Source data section start

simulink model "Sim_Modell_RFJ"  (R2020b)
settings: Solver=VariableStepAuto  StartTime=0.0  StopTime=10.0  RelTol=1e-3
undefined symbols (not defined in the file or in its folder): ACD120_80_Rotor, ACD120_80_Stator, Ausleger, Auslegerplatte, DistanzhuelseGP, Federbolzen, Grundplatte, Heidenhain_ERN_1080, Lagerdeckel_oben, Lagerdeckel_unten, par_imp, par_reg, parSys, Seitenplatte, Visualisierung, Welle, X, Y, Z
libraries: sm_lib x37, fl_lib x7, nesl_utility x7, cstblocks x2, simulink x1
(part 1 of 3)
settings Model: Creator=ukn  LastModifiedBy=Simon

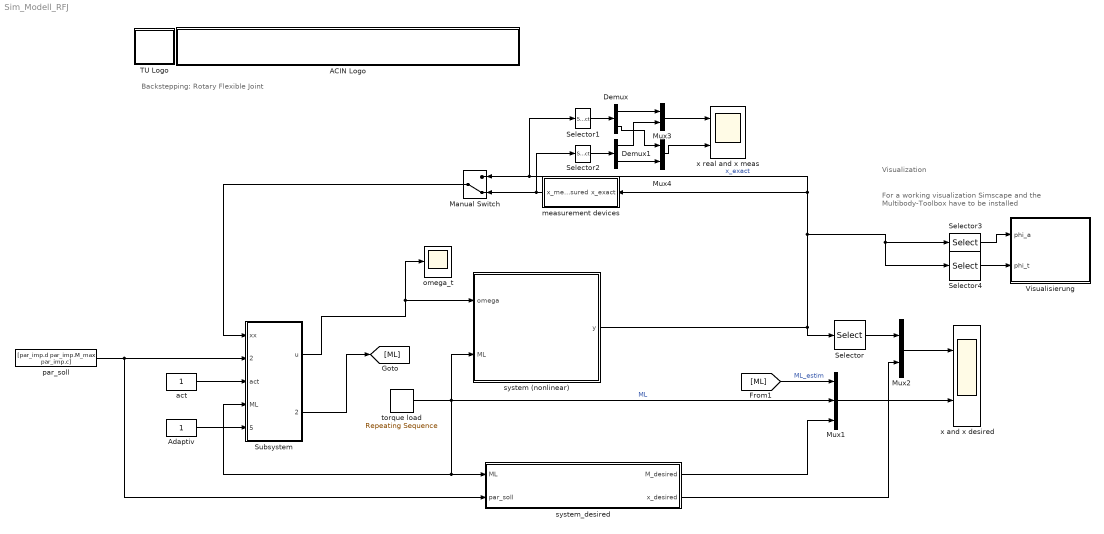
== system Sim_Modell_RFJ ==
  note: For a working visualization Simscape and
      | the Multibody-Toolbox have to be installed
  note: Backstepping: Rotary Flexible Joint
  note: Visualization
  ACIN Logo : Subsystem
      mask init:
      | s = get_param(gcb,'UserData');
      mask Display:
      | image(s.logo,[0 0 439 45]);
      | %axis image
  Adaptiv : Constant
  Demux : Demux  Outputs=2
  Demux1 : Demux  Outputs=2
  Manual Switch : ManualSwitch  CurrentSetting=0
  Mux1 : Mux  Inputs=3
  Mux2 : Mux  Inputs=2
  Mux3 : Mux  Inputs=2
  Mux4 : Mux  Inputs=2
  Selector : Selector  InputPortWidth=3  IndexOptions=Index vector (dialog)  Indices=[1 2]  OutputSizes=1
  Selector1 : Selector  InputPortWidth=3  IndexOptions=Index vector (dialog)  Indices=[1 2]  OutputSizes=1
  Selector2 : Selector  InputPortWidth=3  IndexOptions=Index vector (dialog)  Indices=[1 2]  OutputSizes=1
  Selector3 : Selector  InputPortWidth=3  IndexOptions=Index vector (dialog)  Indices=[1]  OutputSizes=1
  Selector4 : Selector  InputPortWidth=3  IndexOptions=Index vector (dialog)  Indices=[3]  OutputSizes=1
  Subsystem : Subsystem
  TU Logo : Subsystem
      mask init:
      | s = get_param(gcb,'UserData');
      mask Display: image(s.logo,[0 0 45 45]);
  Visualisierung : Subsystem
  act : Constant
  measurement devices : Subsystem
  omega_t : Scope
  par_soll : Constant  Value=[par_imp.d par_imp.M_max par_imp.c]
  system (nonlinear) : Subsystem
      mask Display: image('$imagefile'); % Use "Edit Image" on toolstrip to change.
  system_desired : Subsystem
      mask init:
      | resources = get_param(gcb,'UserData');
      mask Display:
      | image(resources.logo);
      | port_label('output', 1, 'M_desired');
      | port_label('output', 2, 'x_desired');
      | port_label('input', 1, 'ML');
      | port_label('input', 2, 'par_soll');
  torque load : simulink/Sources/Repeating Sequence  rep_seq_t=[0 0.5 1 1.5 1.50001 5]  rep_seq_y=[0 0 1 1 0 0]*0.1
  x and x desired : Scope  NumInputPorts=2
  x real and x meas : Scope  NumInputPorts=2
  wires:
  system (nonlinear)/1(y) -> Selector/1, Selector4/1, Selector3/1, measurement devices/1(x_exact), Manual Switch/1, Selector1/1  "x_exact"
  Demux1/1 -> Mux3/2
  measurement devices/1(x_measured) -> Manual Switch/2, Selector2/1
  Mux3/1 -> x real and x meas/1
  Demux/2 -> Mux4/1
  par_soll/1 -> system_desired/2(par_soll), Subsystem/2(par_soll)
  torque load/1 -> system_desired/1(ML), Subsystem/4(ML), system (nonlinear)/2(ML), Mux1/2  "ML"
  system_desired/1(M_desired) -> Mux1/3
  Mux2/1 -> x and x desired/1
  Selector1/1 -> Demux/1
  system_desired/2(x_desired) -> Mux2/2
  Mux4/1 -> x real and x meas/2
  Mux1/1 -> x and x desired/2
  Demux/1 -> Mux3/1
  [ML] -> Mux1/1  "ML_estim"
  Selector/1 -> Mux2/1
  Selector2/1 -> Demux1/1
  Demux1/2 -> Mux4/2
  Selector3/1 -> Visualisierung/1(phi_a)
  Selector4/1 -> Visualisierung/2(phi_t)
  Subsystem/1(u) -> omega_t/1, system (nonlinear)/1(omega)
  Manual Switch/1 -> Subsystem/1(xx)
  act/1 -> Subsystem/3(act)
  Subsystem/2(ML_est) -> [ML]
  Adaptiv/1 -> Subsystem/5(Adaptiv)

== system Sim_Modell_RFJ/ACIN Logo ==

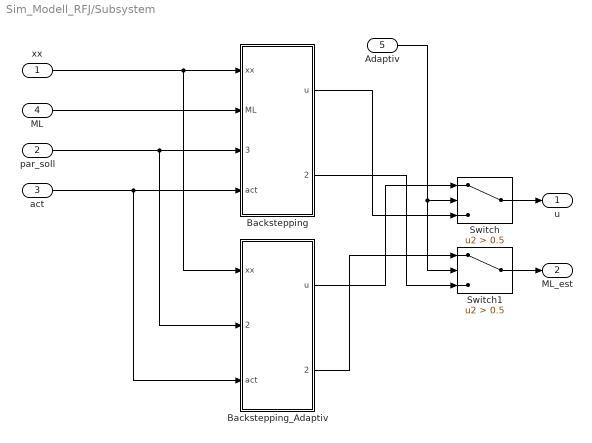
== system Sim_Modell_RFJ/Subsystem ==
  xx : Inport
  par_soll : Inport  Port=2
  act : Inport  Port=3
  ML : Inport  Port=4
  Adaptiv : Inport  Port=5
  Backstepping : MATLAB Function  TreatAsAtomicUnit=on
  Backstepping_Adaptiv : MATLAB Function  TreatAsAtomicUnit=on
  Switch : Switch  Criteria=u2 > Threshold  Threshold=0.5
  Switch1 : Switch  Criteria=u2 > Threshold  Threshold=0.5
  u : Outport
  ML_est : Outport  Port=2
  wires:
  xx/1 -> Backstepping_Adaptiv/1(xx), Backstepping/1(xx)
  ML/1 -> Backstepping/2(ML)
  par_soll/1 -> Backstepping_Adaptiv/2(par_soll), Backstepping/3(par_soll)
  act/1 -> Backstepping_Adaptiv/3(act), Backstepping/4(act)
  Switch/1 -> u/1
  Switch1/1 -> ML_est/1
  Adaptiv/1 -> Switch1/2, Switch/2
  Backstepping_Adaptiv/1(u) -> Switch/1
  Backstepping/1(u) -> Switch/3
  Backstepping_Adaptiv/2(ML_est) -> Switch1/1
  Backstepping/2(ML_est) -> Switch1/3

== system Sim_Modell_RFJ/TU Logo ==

Source data section end

# Prompt
Above are the records. Print exactly, and only, the lines from the line with "system (nonlinear)/1(y) ->" to the line with "[ML] -> Mux1/1", both inclusive.

# Answer to the exercise
  system (nonlinear)/1(y) -> Selector/1, Selector4/1, Selector3/1, measurement devices/1(x_exact), Manual Switch/1, Selector1/1  "x_exact"
  Demux1/1 -> Mux3/2
  measurement devices/1(x_measured) -> Manual Switch/2, Selector2/1
  Mux3/1 -> x real and x meas/1
  Demux/2 -> Mux4/1
  par_soll/1 -> system_desired/2(par_soll), Subsystem/2(par_soll)
  torque load/1 -> system_desired/1(ML), Subsystem/4(ML), system (nonlinear)/2(ML), Mux1/2  "ML"
  system_desired/1(M_desired) -> Mux1/3
  Mux2/1 -> x and x desired/1
  Selector1/1 -> Demux/1
  system_desired/2(x_desired) -> Mux2/2
  Mux4/1 -> x real and x meas/2
  Mux1/1 -> x and x desired/2
  Demux/1 -> Mux3/1
  [ML] -> Mux1/1  "ML_estim"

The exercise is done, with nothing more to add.